Painter Ranulph Bye, NA; AWS (1916 – 2003) is considered one of the foremost water colorists in the country. Since 1953, he produced over three thousand watercolors. Bye was known for his masterful rendering of rural American landscapes, seascapes, and buildings. He has painted many sites throughout the country for his books on Victorian architecture and old railway depots, but found his greatest inspiration in the landscapes of Bucks County. His works are characterized by superior draughtsman-ship and the ability to capture the essence of the scene painted. Bye preferred watercolors to other media, because he felt that there was greater freedom from many of the technical demands of oil painting. After training at the Philadelphia College of Art (now the University of the Arts) and the Art Students League of New York, Bye exhibited his watercolor and oil paintings both locally and nationally.

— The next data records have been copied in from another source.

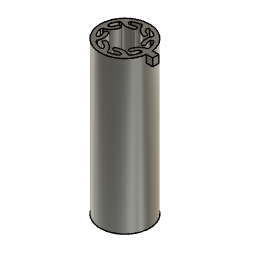
Linear_Bearing_V1.1 v1 (Autodesk Fusion 360 design; units mm, degrees)
Autodesk Fusion 360 part; units mm, degrees
sketch "Sketch1" plane through (0, 0, 0) normal (0, 0, 1) x (1, 0, 0)
  circle A0 centre (0, 0) radius 1.625
  spline S0 degree 5 poles (1.3709, -0.1056) (1.3505, -0.1114) (1.3112, -0.1235) (1.2571, -0.1431) (1.195, -0.1719) (1.1338, -0.2127) (1.088, -0.2577) (1.056, -0.3063) (1.0348, -0.3573) (1.0195, -0.4088) (1.0044, -0.4583) (0.984, -0.5029) (0.9544, -0.5399) (0.9148, -0.5662) (0.8686, -0.5794) (0.8219, -0.5775) (0.7819, -0.5594) (0.755, -0.5253) (0.7447, -0.4768) (0.751, -0.4174) (0.7717, -0.351) (0.8032, -0.2822) (0.8417, -0.2149) (0.8842, -0.1519) (0.9289, -0.0947) (0.9753, -0.0437) (1.0232, 0.0013) (1.0731, 0.0411) (1.1254, 0.0764) (1.1804, 0.1076) (1.2383, 0.135) (1.2869, 0.154) (1.3246, 0.1667) (1.3504, 0.1744) (1.3634, 0.1781) knots 0 0 0 0 0 0 0.033333 0.066667 0.1 0.133333 0.166667 0.2 0.233333 0.266667 0.3 0.333333 0.366667 0.4 0.433333 0.466667 0.5 0.533333 0.566667 0.6 0.633333 0.666667 0.7 0.733333 0.766667 0.8 0.833333 0.866667 0.9 0.933333 0.966667 1 1 1 1 1 1
  spline S1 degree 5 poles (1.0441, 0.8947) (1.0337, 0.8761) (1.0145, 0.8398) (0.9901, 0.7878) (0.9666, 0.7234) (0.9521, 0.6513) (0.9516, 0.5871) (0.9633, 0.5301) (0.9844, 0.479) (1.01, 0.4319) (1.0343, 0.3862) (1.0514, 0.3401) (1.0566, 0.2931) (1.0472, 0.2465) (1.0239, 0.2045) (0.9895, 0.1728) (0.9485, 0.1573) (0.9053, 0.1624) (0.8637, 0.1894) (0.8261, 0.2359) (0.7939, 0.2974) (0.7675, 0.3684) (0.7471, 0.4432) (0.7326, 0.5178) (0.7238, 0.5899) (0.7206, 0.6587) (0.7226, 0.7245) (0.7297, 0.7879) (0.7418, 0.8498) (0.7586, 0.9108) (0.7802, 0.971) (0.8011, 1.0188) (0.8188, 1.0545) (0.8315, 1.0782) (0.8381, 1.09) knots 0 0 0 0 0 0 0.033333 0.066667 0.1 0.133333 0.166667 0.2 0.233333 0.266667 0.3 0.333333 0.366667 0.4 0.433333 0.466667 0.5 0.533333 0.566667 0.6 0.633333 0.666667 0.7 0.733333 0.766667 0.8 0.833333 0.866667 0.9 0.933333 0.966667 1 1 1 1 1 1
  spline S2 degree 5 poles (0.1056, 1.3709) (0.1114, 1.3505) (0.1235, 1.3112) (0.1431, 1.2571) (0.1719, 1.195) (0.2127, 1.1338) (0.2577, 1.088) (0.3063, 1.056) (0.3573, 1.0348) (0.4088, 1.0195) (0.4583, 1.0044) (0.5029, 0.984) (0.5399, 0.9544) (0.5662, 0.9148) (0.5794, 0.8686) (0.5775, 0.8219) (0.5594, 0.7819) (0.5253, 0.755) (0.4768, 0.7447) (0.4174, 0.751) (0.351, 0.7717) (0.2822, 0.8032) (0.2149, 0.8417) (0.1519, 0.8842) (0.0947, 0.9289) (0.0437, 0.9753) (-0.0013, 1.0232) (-0.0411, 1.0731) (-0.0764, 1.1254) (-0.1076, 1.1804) (-0.135, 1.2383) (-0.154, 1.2869) (-0.1667, 1.3246) (-0.1744, 1.3504) (-0.1781, 1.3634) knots 0 0 0 0 0 0 0.033333 0.066667 0.1 0.133333 0.166667 0.2 0.233333 0.266667 0.3 0.333333 0.366667 0.4 0.433333 0.466667 0.5 0.533333 0.566667 0.6 0.633333 0.666667 0.7 0.733333 0.766667 0.8 0.833333 0.866667 0.9 0.933333 0.966667 1 1 1 1 1 1
  spline S3 degree 5 poles (-0.8947, 1.0441) (-0.8761, 1.0337) (-0.8398, 1.0145) (-0.7878, 0.9901) (-0.7234, 0.9666) (-0.6513, 0.9521) (-0.5871, 0.9516) (-0.5301, 0.9633) (-0.479, 0.9844) (-0.4319, 1.01) (-0.3862, 1.0343) (-0.3401, 1.0514) (-0.2931, 1.0566) (-0.2465, 1.0472) (-0.2045, 1.0239) (-0.1728, 0.9895) (-0.1573, 0.9485) (-0.1624, 0.9053) (-0.1894, 0.8637) (-0.2359, 0.8261) (-0.2974, 0.7939) (-0.3684, 0.7675) (-0.4432, 0.7471) (-0.5178, 0.7326) (-0.5899, 0.7238) (-0.6587, 0.7206) (-0.7245, 0.7226) (-0.7879, 0.7297) (-0.8498, 0.7418) (-0.9108, 0.7586) (-0.971, 0.7802) (-1.0188, 0.8011) (-1.0545, 0.8188) (-1.0782, 0.8315) (-1.09, 0.8381) knots 0 0 0 0 0 0 0.033333 0.066667 0.1 0.133333 0.166667 0.2 0.233333 0.266667 0.3 0.333333 0.366667 0.4 0.433333 0.466667 0.5 0.533333 0.566667 0.6 0.633333 0.666667 0.7 0.733333 0.766667 0.8 0.833333 0.866667 0.9 0.933333 0.966667 1 1 1 1 1 1
  spline S4 degree 5 poles (-1.3709, 0.1056) (-1.3505, 0.1114) (-1.3112, 0.1235) (-1.2571, 0.1431) (-1.195, 0.1719) (-1.1338, 0.2127) (-1.088, 0.2577) (-1.056, 0.3063) (-1.0348, 0.3573) (-1.0195, 0.4088) (-1.0044, 0.4583) (-0.984, 0.5029) (-0.9544, 0.5399) (-0.9148, 0.5662) (-0.8686, 0.5794) (-0.8219, 0.5775) (-0.7819, 0.5594) (-0.755, 0.5253) (-0.7447, 0.4768) (-0.751, 0.4174) (-0.7717, 0.351) (-0.8032, 0.2822) (-0.8417, 0.2149) (-0.8842, 0.1519) (-0.9289, 0.0947) (-0.9753, 0.0437) (-1.0232, -0.0013) (-1.0731, -0.0411) (-1.1254, -0.0764) (-1.1804, -0.1076) (-1.2383, -0.135) (-1.2869, -0.154) (-1.3246, -0.1667) (-1.3504, -0.1744) (-1.3634, -0.1781) knots 0 0 0 0 0 0 0.033333 0.066667 0.1 0.133333 0.166667 0.2 0.233333 0.266667 0.3 0.333333 0.366667 0.4 0.433333 0.466667 0.5 0.533333 0.566667 0.6 0.633333 0.666667 0.7 0.733333 0.766667 0.8 0.833333 0.866667 0.9 0.933333 0.966667 1 1 1 1 1 1
  spline S5 degree 5 poles (-1.0441, -0.8947) (-1.0337, -0.8761) (-1.0145, -0.8398) (-0.9901, -0.7878) (-0.9666, -0.7234) (-0.9521, -0.6513) (-0.9516, -0.5871) (-0.9633, -0.5301) (-0.9844, -0.479) (-1.01, -0.4319) (-1.0343, -0.3862) (-1.0514, -0.3401) (-1.0566, -0.2931) (-1.0472, -0.2465) (-1.0239, -0.2045) (-0.9895, -0.1728) (-0.9485, -0.1573) (-0.9053, -0.1624) (-0.8637, -0.1894) (-0.8261, -0.2359) (-0.7939, -0.2974) (-0.7675, -0.3684) (-0.7471, -0.4432) (-0.7326, -0.5178) (-0.7238, -0.5899) (-0.7206, -0.6587) (-0.7226, -0.7245) (-0.7297, -0.7879) (-0.7418, -0.8498) (-0.7586, -0.9108) (-0.7802, -0.971) (-0.8011, -1.0188) (-0.8188, -1.0545) (-0.8315, -1.0782) (-0.8381, -1.09) knots 0 0 0 0 0 0 0.033333 0.066667 0.1 0.133333 0.166667 0.2 0.233333 0.266667 0.3 0.333333 0.366667 0.4 0.433333 0.466667 0.5 0.533333 0.566667 0.6 0.633333 0.666667 0.7 0.733333 0.766667 0.8 0.833333 0.866667 0.9 0.933333 0.966667 1 1 1 1 1 1
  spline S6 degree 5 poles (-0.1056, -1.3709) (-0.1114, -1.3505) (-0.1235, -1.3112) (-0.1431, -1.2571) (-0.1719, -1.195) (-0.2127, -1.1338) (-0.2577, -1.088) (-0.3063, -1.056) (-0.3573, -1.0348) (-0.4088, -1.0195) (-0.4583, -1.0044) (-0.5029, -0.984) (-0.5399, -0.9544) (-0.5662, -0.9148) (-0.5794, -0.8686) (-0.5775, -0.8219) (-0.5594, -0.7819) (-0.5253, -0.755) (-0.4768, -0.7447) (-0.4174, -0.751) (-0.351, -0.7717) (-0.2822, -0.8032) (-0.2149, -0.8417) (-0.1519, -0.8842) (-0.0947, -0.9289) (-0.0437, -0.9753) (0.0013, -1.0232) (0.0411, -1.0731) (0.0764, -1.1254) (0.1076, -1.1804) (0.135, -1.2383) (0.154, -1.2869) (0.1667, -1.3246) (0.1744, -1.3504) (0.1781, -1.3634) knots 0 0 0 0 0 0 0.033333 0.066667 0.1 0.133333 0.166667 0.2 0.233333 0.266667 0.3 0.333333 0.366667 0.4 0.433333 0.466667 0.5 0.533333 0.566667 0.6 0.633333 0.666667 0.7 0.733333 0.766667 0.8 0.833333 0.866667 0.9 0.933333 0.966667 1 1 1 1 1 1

Bye, who had strong ties to the New Hope artists’ community, was very interested in preserving the essence of Bucks County history in his work. His family has been in the area since 1699, when they received a land-grant from William Penn. Bye’s own father, painter Dr. Arthur E. Bye, was also a part of the local art community, serving as curator of paintings at the Philadelphia Museum of Art. Ranulph Bye published several books of his work, including Victorian Sketchbook and The Vanishing Depot, both of which deal with representations of historical structures, and several instructional books on painting in watercolor.
Ranulph Bye became a National Academician in 1994. National Academicians are professional artists and architects who are elected to membership at the Academy by their peers annually. Bye was also a member of the American Watercolor Society, AWS.